# bruised and beaten.



## TRASHdecor (Oct 30, 2008)

this was inspired by petrilude's video.





feedback welcomed!

used so manyy thingss, if you have a question about anything please let me know.

items used: 
120 color eyeshadow palette
chrome yellow
carbon
antiquitease palette
canary yellow
primary red pigement
black eyeliner
red lip liner
random red lip gloss


----------



## TISH1124 (Oct 30, 2008)

Wow...you look like a victim of domestic violence! Great job!


----------



## FiestyFemme (Oct 30, 2008)

You definitely look like you got your ass kicked LOL. Great job!


----------



## brokenxbeauty (Oct 30, 2008)

Oh wow, this looks soo good!
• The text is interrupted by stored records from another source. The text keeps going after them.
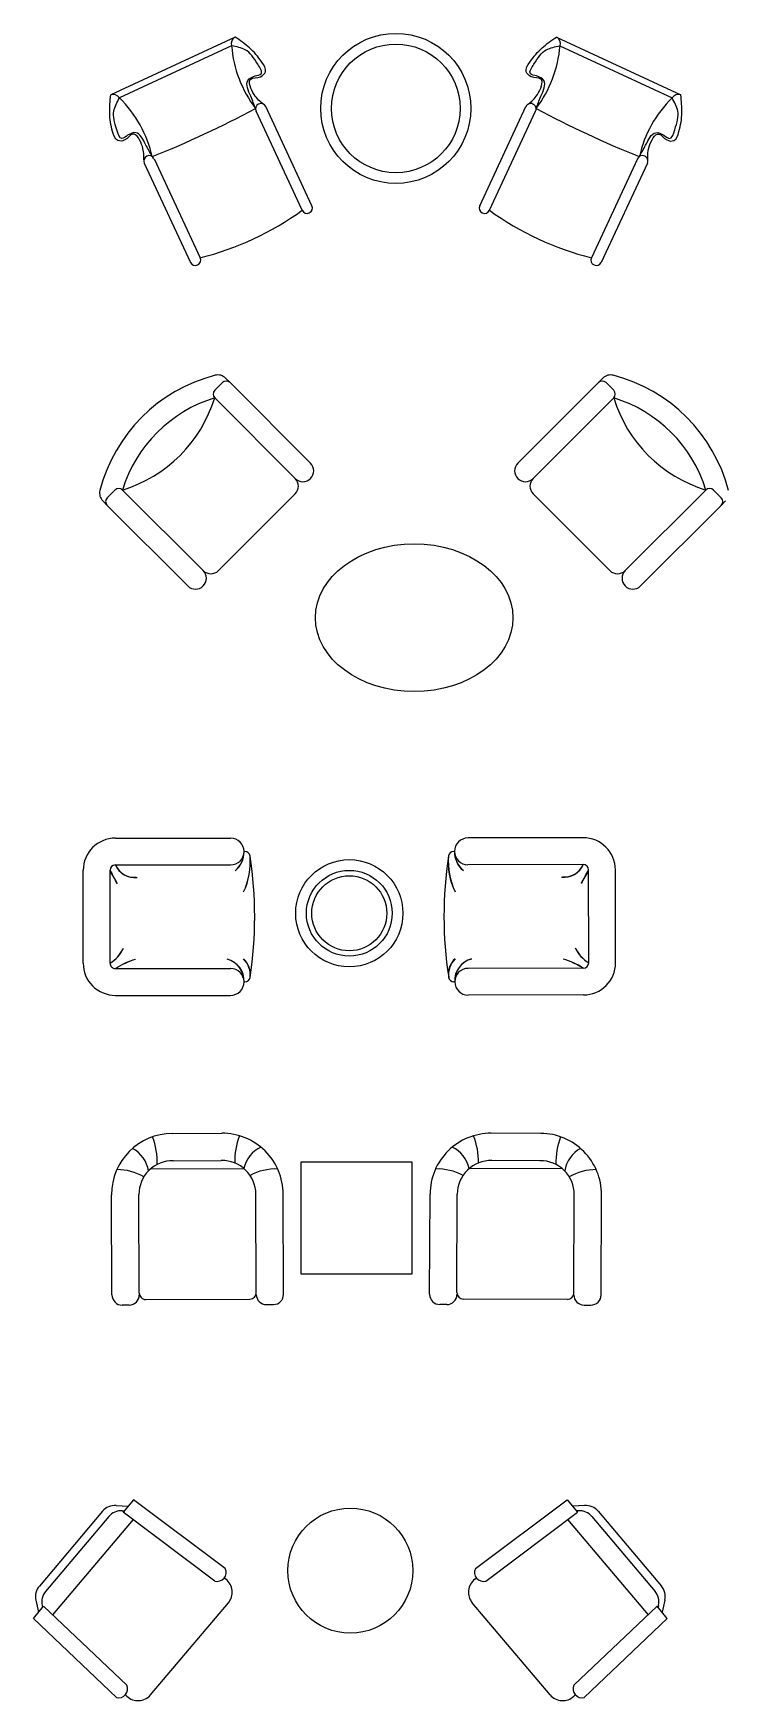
# Model space of a CAD drawing. Header units: inches. Extents: x -1722 to 16025, y 4938 to 18448.
# Drawn here: x 3998 to 7227, y 10610 to 18388 of the extents above; entities that cross this region are included whole.
import ezdxf

# ---------------------------------------------------------------- set-up
doc = ezdxf.new("R2010")
doc.units = ezdxf.units.IN
doc.header["$MEASUREMENT"] = 0
doc.layers.add('freecads.com', color=7, linetype='Continuous')

msp = doc.modelspace()

# ---------------------------------------------------------------- linework, layer by layer
at = {"layer": 'freecads.com'}
for p, q in [((4938.6, 18370.9), (4358.8, 18100.7)), ((6438.6, 18370.9), (7018.3, 18100.7)), ((4922.7, 18330.4), (4400.1, 18086.8)), ((6454.4, 18330.4), (6977.1, 18086.8)), ((5297.4, 17583.8), (5081.9, 18046)), ((6079.8, 17583.8), (6295.3, 18046)), ((5252, 17562.6), (5036.6, 18024.9)), ((6125.1, 17562.6), (6340.6, 18024.9)), ((4515.4, 17782), (4730.9, 17319.8)), ((4560.8, 17803.1), (4776.2, 17340.9)), ((6816.4, 17803.1), (6601, 17340.9)), ((6861.8, 17782), (6646.3, 17319.8)), ((4843.8, 16722.9), (4879.6, 16758.7)), ((4915.4, 16758.7), (4894.4, 16779.7)), ((5291.2, 16382.9), (4915.4, 16758.7)), ((6257.5, 16382.9), (6633.3, 16758.7)), ((6633.3, 16758.7), (6654.3, 16779.7)), ((6704.9, 16722.9), (6669.1, 16758.7)), ((5219.6, 16311.3), (4843.8, 16687.1)), ((6329, 16311.3), (6704.9, 16687.1)), ((4378.4, 16257.6), (4342.6, 16221.8)), ((4790.1, 15881.7), (4414.2, 16257.6)), ((6758.6, 15881.7), (7134.5, 16257.6)), ((7170.3, 16257.6), (7206.1, 16221.8)), ((4342.6, 16186), (4321.7, 16206.9)), ((4718.5, 15810.1), (4342.6, 16186)), ((5219.6, 16239.7), (4861.7, 15881.7)), ((6329, 16239.7), (6687, 15881.7)), ((6830.2, 15810.1), (7206.1, 16186)), ((7206.1, 16186), (7227, 16206.9)), ((4380.6, 14633.7), (4918.1, 14633.7)), ((6562.5, 14635.4), (6025, 14634.5)), ((4980.6, 14571.2), (4984.3, 14571.2)), ((5962.6, 14571.9), (5958.9, 14571.9)), ((4230.6, 14050.3), (4230.6, 14483.7)), ((4355.6, 14050.3), (4355.6, 14483.7)), ((4380.6, 14508.7), (4918.1, 14508.7)), ((6562.7, 14510.4), (6025.2, 14509.5)), ((6588.4, 14052.1), (6587.7, 14485.4)), ((6713.4, 14052.3), (6712.7, 14485.6)), ((4380.6, 14025.3), (4918.1, 14025.3)), ((6563.4, 14027), (6025.9, 14026.2)), ((4980.6, 13962.8), (4984.3, 13962.8)), ((5963.5, 13963.6), (5959.9, 13963.6)), ((4380.6, 13900.3), (4918.1, 13900.3)), ((6563.6, 13902), (6026.1, 13901.2)), ((4646.8, 13256.2), (4877.1, 13257.1)), ((6364.5, 13256.2), (6134.1, 13257.1)), ((4544.8, 13090.6), (4980.4, 13092.3)), ((4650.3, 13129), (4874.7, 13129.9)), ((5245.6, 13121.6), (5245.6, 12601.6)), ((5765.6, 13121.6), (5245.6, 13121.6)), ((5765.6, 12601.6), (5765.6, 13121.6)), ((6466.5, 13090.6), (6030.8, 13092.3)), ((6361, 13129), (6136.6, 13129.9)), ((4364.9, 12502.6), (4363.1, 12970.3)), ((4492.1, 12511.6), (4490.3, 12970.8)), ((5037.7, 12513.7), (5035.9, 12972.9)), ((5164.9, 12505.7), (5163.1, 12973.4)), ((5846.3, 12505.7), (5848.2, 12973.4)), ((5973.6, 12513.7), (5975.4, 12972.9)), ((6519.1, 12511.6), (6520.9, 12970.8)), ((6646.3, 12502.6), (6648.2, 12970.3)), ((5245.6, 12601.6), (5765.6, 12601.6)), ((4444.9, 12455.4), (4412.6, 12455.3)), ((4522.2, 12481.7), (5007.8, 12483.6)), ((5085.4, 12457.9), (5117.6, 12458.1)), ((5925.9, 12457.9), (5893.6, 12458.1)), ((6489, 12481.7), (6003.5, 12483.6)), ((6566.4, 12455.4), (6598.7, 12455.3)), ((4383.7, 11520.7), (4440.7, 11517.4)), ((4465.3, 11546.5), (4417.5, 11489.9)), ((4893.4, 11226.2), (4465.3, 11546.5)), ((6059.6, 11226.2), (6487.7, 11546.5)), ((6487.7, 11546.5), (6535.5, 11489.9)), ((6569.3, 11520.7), (6512.3, 11517.4)), ((4321.1, 11493.8), (4026, 11144.7)), ((4350.2, 11469.2), (4055.1, 11120.1)), ((4463, 11455.6), (4087.5, 11011)), ((4412.8, 11496.1), (4422.3, 11495.6)), ((4844.2, 11168), (4417.5, 11489.9)), ((6108.8, 11168), (6535.5, 11489.9)), ((6490.1, 11455.6), (6865.6, 11011)), ((6540.3, 11496.1), (6530.7, 11495.6)), ((6602.9, 11469.2), (6898, 11120.1)), ((6632, 11493.8), (6927.1, 11144.7)), ((4895.6, 11176.9), (4888.3, 11182.5)), ((6057.4, 11176.9), (6064.8, 11182.5)), ((3998.1, 10993.7), (4045.9, 11050.3)), ((4009.9, 11078.5), (4022.7, 11022.8)), ((4039, 11053.9), (4041.1, 11044.6)), ((4434.4, 10683.1), (4045.9, 11050.3)), ((4544.7, 10637.1), (4907.9, 11066.9)), ((6408.4, 10637.1), (6045.1, 11066.9)), ((6518.7, 10683.1), (6907.1, 11050.3)), ((6955, 10993.7), (6907.1, 11050.3)), ((6914, 11053.9), (6911.9, 11044.6)), ((6943.1, 11078.5), (6930.4, 11022.8)), ((4385.2, 10624.9), (3998.1, 10993.7)), ((6567.9, 10624.9), (6955, 10993.7)), ((4434.2, 10631), (4427.5, 10637.3)), ((6518.9, 10631), (6525.6, 10637.3))]:
    msp.add_line(p, q, dxfattribs=at)
for centre, radius in [((5688.6, 18038), 350), ((5688.6, 18038), 300), ((5471.8, 14283.3), 250), ((5471.8, 14283.3), 200), ((5471.8, 14283.3), 175), ((5476.5, 11216.6), 291.7)]:
    msp.add_circle(centre, radius, dxfattribs=at)
for centre, radius, start, end in [((4955.1, 18341.1), 34.1, 118.95582, 198.21803), ((6422.1, 18341.1), 34.1, 341.78197, 61.04418), ((5479.7, 18374.6), 558.7, 184.53369, 217.14261), ((5897.5, 18374.6), 558.7, 322.85739, 355.46631), ((4371.1, 18068.9), 34.1, 31.75437, 111.01658), ((4008, 17688.7), 558.7, 12.82979, 45.43871), ((5059.3, 18035.5), 25, 24.9862, 204.9862), ((6317.9, 18035.5), 25, 335.0138, 155.0138), ((7369.2, 17688.7), 558.7, 134.56129, 167.17021), ((7006.1, 18068.9), 34.1, 68.98342, 148.24563), ((2697.3, 22423.4), 4970, 291.92253, 298.04988), ((8679.9, 22423.4), 4970, 241.95012, 248.07747), ((4538.1, 17792.6), 25, 24.9862, 204.9862), ((6839.1, 17792.6), 25, 335.0138, 155.0138), ((5274.7, 17573.2), 25, 204.9862, 24.9862), ((6102.5, 17573.2), 25, 155.0138, 335.0138), ((4437.3, 18689.6), 1390.6, 284.10554, 305.86687), ((6939.9, 18689.6), 1390.6, 234.13313, 255.89446), ((4753.5, 17330.3), 25, 204.9862, 24.9862), ((6623.7, 17330.3), 25, 155.0138, 335.0138), ((5031.7, 16069.6), 746.7, 104.3967, 165.6033), ((4861.7, 16705), 25.3, 135, 225), ((4858.6, 16743.9), 50.6, 45, 104.3967), ((4897.5, 16740.8), 25.3, 45, 135), ((6651.2, 16740.8), 25.3, 45, 135), ((6690.1, 16743.9), 50.6, 75.6033, 135), ((6517, 16069.6), 746.7, 14.3967, 75.6033), ((6687, 16705), 25.3, 315, 45), ((4223.3, 16878.1), 649.2, 287.10423, 342.89577), ((5031.7, 16069.6), 645.5, 106.92751, 163.07249), ((7325.4, 16878.1), 649.2, 197.10423, 252.89577), ((6517, 16069.6), 645.5, 16.92751, 73.07249), ((5255.4, 16347.1), 50.6, 225, 45), ((6293.2, 16347.1), 50.6, 135, 315), ((4396.3, 16239.7), 25.3, 45, 135), ((5183.8, 16275.5), 50.6, 315, 45), ((6364.8, 16275.5), 50.6, 135, 225), ((7152.4, 16239.7), 25.3, 45, 135), ((4357.5, 16242.7), 50.6, 165.6033, 225), ((4360.5, 16203.9), 25.3, 135, 225), ((7188.2, 16203.9), 25.3, 315, 45), ((4754.3, 15845.9), 50.6, 225, 45), ((4825.9, 15917.5), 50.6, 225, 315), ((6722.8, 15917.5), 50.6, 225, 315), ((6794.4, 15845.9), 50.6, 135, 315), ((4380.6, 14483.7), 150, 90.0002, 180.0002), ((4918.1, 14571.2), 62.5, 270.0002, 90.0002), ((6025.1, 14572), 62.5, 90.08988, 270.08988), ((6562.7, 14485.4), 150, 0.08988, 90.08988), ((4870.8, 14566.9), 109.9, 308.66473, 2.21313), ((4861.2, 14571.3), 119.4, 310.94439, 359.93347), ((4664.1, 14525.9), 345.7, 335.50111, 3.9848), ((4692.1, 14520.9), 318.2, 334.24272, 5.24319), ((4984.3, 14546.2), 25, 8.73717, 90.0002), ((3167.8, 14267), 1862.8, 351.26322, 8.73717), ((7775.9, 14270.6), 1862.8, 171.35291, 188.82686), ((6251.2, 14522.1), 318.2, 174.84689, 205.84736), ((6279.1, 14527.2), 345.7, 176.10528, 204.58897), ((5959, 14546.9), 25, 90.08988, 171.35291), ((6072.4, 14567.9), 109.9, 177.87695, 231.42535), ((6082, 14572.3), 119.4, 180.15661, 229.14569), ((4380.6, 14483.7), 25, 90.0002, 180.0002), ((2094, 13203.3), 2598.9, 27.9128, 29.5144), ((3718.8, 14093.4), 746.9, 25.92621, 31.50099), ((4472.5, 14550.7), 101, 204.57916, 275.46712), ((4467.8, 14546.5), 95, 203.48178, 275.8461), ((6470.8, 14552.2), 101, 264.62296, 335.51092), ((6475.5, 14548.1), 95, 264.24398, 336.6083), ((8851.4, 13208.6), 2598.9, 150.57568, 152.17728), ((7225.2, 14096.1), 746.9, 148.58909, 154.16388), ((6562.7, 14485.4), 25, 0.08988, 90.08988), ((4273.1, 14187.8), 160.3, 300.96593, 334.87999), ((4287.2, 14171.2), 138.9, 299.51744, 336.05507), ((6670.7, 14189.7), 160.3, 205.21009, 239.12415), ((6656.7, 14173.1), 138.9, 204.03501, 240.57264), ((4380.6, 14050.3), 150, 180.0002, 270.0002), ((4380.6, 14050.3), 25, 180.0002, 270.0002), ((4564.7, 13744), 336.2, 105.56909, 123.20509), ((4593.9, 13679.7), 406.1, 107.09704, 121.67713), ((4874.1, 13966.1), 106.6, 358.22615, 74.87557), ((4877.8, 13968.9), 103, 356.6464, 76.45532), ((4918.1, 13962.8), 62.5, 270.0002, 90.0002), ((4906.6, 13996.3), 103.1, 353.16405, 45.64061), ((4914.6, 13999.1), 95.6, 350.91011, 47.89455), ((6029.5, 14000), 95.6, 132.19553, 189.17997), ((6037.5, 13997.2), 103.1, 134.44947, 186.92603), ((6066.4, 13969.8), 103, 103.63476, 183.44368), ((6070, 13967.1), 106.6, 105.21451, 181.86393), ((6026, 13963.7), 62.5, 90.08988, 270.08988), ((6379.8, 13745.5), 336.2, 56.885, 74.52099), ((6350.7, 13681.1), 406.1, 58.41295, 72.99304), ((6563.4, 14052), 25, 270.08988, 0.08988), ((6563.4, 14052), 150, 270.08988, 0.08988), ((4984.3, 13987.8), 25, 270.0002, 351.26322), ((5959.8, 13988.6), 25, 188.82686, 270.08988), ((4647.9, 12971.4), 284.8, 90.22534, 180.22534), ((4244.6, 13122.6), 331.2, 358.0779, 20.83125), ((4878.3, 12972.3), 284.8, 0.22534, 90.22534), ((5268.7, 13126.6), 331.2, 158.99705, 181.42909), ((6133, 12972.3), 284.8, 89.77466, 179.77466), ((5742.5, 13126.6), 331.2, 358.57091, 21.00295), ((6363.3, 12971.4), 284.8, 359.77466, 89.77466), ((6766.7, 13122.6), 331.2, 159.16875, 181.9221), ((4391.4, 13058.8), 145.2, 8.89107, 61.39605), ((5122.4, 13061.7), 145.2, 115.82709, 167.81556), ((5888.9, 13061.7), 145.2, 12.18444, 64.17291), ((6619.8, 13058.8), 145.2, 118.60395, 171.10893), ((4387.7, 12838.4), 249.1, 59.70487, 89.9724), ((4647.9, 12971.4), 157.6, 89.13885, 180.22534), ((4878.3, 12972.3), 157.6, 0.22534, 91.31182), ((5127.8, 12841.3), 249.1, 87.76417, 118.47769), ((5883.5, 12841.3), 249.1, 61.52231, 92.23583), ((6133, 12972.3), 157.6, 88.68818, 179.77466), ((6363.3, 12971.4), 157.6, 359.77466, 90.86115), ((6623.5, 12838.4), 249.1, 90.0276, 120.29513), ((4412.4, 12502.8), 47.5, 180.22534, 270.22534), ((4444.7, 12502.9), 47.5, 270.22534, 0.22534), ((4522.1, 12511.7), 30, 180.22534, 270.22534), ((5007.7, 12513.6), 30, 270.22534, 0.22534), ((5085.2, 12505.4), 47.5, 180.22534, 270.22534), ((5117.4, 12505.5), 47.5, 270.22534, 0.22534), ((5893.8, 12505.5), 47.5, 179.77466, 269.77466), ((5926.1, 12505.4), 47.5, 269.77466, 359.77466), ((6003.6, 12513.6), 30, 179.77466, 269.77466), ((6489.1, 12511.7), 30, 269.77466, 359.77466), ((6566.6, 12502.9), 47.5, 179.77466, 269.77466), ((6598.9, 12502.8), 47.5, 269.77466, 359.77466), ((4379.3, 11444.7), 76.2, 86.66427, 139.79437), ((6573.8, 11444.7), 76.2, 40.20563, 93.33573), ((4408.4, 11420.1), 76.2, 86.66427, 139.79437), ((6544.7, 11420.1), 76.2, 40.20563, 93.33573), ((4855.4, 11208.5), 42, 254.65651, 24.93226), ((6097.7, 11208.5), 42, 155.06774, 285.34349), ((4084.2, 11095.5), 76.2, 139.79437, 192.92448), ((4849.8, 11116.1), 76.2, 319.79438, 52.97424), ((6103.3, 11116.1), 76.2, 127.02576, 220.20562), ((6868.9, 11095.5), 76.2, 347.07552, 40.20563), ((4113.3, 11070.9), 76.2, 139.79437, 192.92448), ((6839.8, 11070.9), 76.2, 347.07552, 40.20563), ((4396.3, 10665.4), 42, 254.65651, 24.93226), ((6556.8, 10665.4), 42, 155.06774, 285.34349), ((4486.5, 10686.3), 76.2, 226.61462, 319.79439), ((6466.5, 10686.3), 76.2, 220.20561, 313.38538)]:
    msp.add_arc(centre, radius, start, end, dxfattribs=at)
msp.add_ellipse((5774.3, 15662), major_axis=(-460.6, 0), ratio=0.748528, dxfattribs=at)
for points in [[(5070.5, 18057.8), (5028.3, 18102.4), (5012.3, 18174.7), (5057.3, 18185.8), (5080.2, 18208.9), (5064, 18253.8), (5006.1, 18320.2), (4938.6, 18370.9)], [(5034.3, 18037.2), (5011.8, 18094.8), (4998.3, 18168.2), (5031.9, 18189.4), (5060.7, 18199.8), (5044.6, 18244.7), (4986.6, 18311.1), (4922.7, 18330.4)], [(4513.8, 17798.3), (4506.8, 17859.4), (4461.7, 17918.1), (4424.3, 17890.8), (4391.8, 17888.1), (4367.8, 17929.4), (4354.3, 18016.5), (4358.8, 18100.7)], [(4552.8, 17812.8), (4523.2, 17867.1), (4475.6, 17924.6), (4437.9, 17912.5), (4411.3, 17897.2), (4387.3, 17938.4), (4373.8, 18025.6), (4400.1, 18086.8)]]:
    msp.add_spline(points, degree=3, dxfattribs=at)
for points, knots in [([(6306.6, 18057.8), (6321.1, 18069.9), (6353.1, 18096.7), (6388.1, 18185.9), (6321.7, 18177.7), (6286.3, 18212.2), (6321.8, 18269.2), (6367.1, 18321.3), (6415.1, 18354.6), (6438.6, 18370.9)], [0, 0, 0, 0, 61.495145, 135.541055, 181.836528, 214.386965, 262.113979, 350.276493, 434.631172, 434.631172, 434.631172, 434.631172]), ([(6342.9, 18037.2), (6349.7, 18055.5), (6364.8, 18095.9), (6397.2, 18165), (6350.2, 18190.6), (6301.3, 18196.4), (6344.9, 18263.5), (6378, 18314.9), (6431.4, 18325.7), (6454.4, 18330.4)], [0, 0, 0, 0, 61.820795, 136.520111, 176.160357, 206.829091, 254.556104, 342.718618, 409.402188, 409.402188, 409.402188, 409.402188]), ([(6824.4, 17812.8), (6834, 17829.8), (6855.2, 17867.3), (6887.3, 17936.6), (6937.1, 17917.1), (6973, 17883.4), (6996.4, 17959.9), (7014.5, 18018.3), (6988.4, 18066.2), (6977.1, 18086.8)], [0, 0, 0, 0, 61.820795, 136.520111, 176.160357, 206.829091, 254.556104, 342.718618, 409.402188, 409.402188, 409.402188, 409.402188]), ([(6863.4, 17798.3), (6863.4, 17817.2), (6863.4, 17858.9), (6909.2, 17943.1), (6945.5, 17887), (6994.7, 17882), (7015.6, 17945.9), (7026.3, 18014), (7021, 18072.3), (7018.3, 18100.7)], [0, 0, 0, 0, 61.495145, 135.541055, 181.836528, 214.386965, 262.113979, 350.276493, 434.631172, 434.631172, 434.631172, 434.631172])]:
    msp.add_open_spline(points, degree=3, knots=knots, dxfattribs=at)

doc.saveas('drawing.dxf')

Haha, well, you know what I mean.


----------



## SparklingWaves (Oct 31, 2008)

Very realistic!


----------



## MACATTAK (Oct 31, 2008)

I watched that video today.  You did a great job!


----------



## LaBruja760 (Oct 31, 2008)

Damn you look like you were beat!


----------



## ThePostcardOrg (Oct 31, 2008)

Looks Great, or rather horrible is the right word... This make-up is so good that it does not look like make-up at all, looks 100% real!!


Great job!!!


----------



## nunu (Oct 31, 2008)

Wow, great job!


----------



## florabundance (Oct 31, 2008)

oh lord woah, that shit looks so real....good job!


----------



## kittykit (Oct 31, 2008)

You're so good!!! It looks so real!


----------



## Mandypaul (Oct 31, 2008)

ooh good job its looks horrible in a good way lol


----------



## TRASHdecor (Oct 31, 2008)

lol thanks everyone


----------



## Krasevayadancer (Oct 31, 2008)

You did a great job, but please list what u used so that this isn't moved to say cheese.


----------



## TRASHdecor (Nov 1, 2008)

changed.


----------



## ashleyisawesome (Nov 1, 2008)

I watched that video a couple days ago. Petrilide's tutorials are amazing!


----------



## mszgrace (Feb 17, 2009)

wow so realistic. perfect halloween look?


----------



## EOTD-Fanny (Mar 20, 2012)

Well done!


----------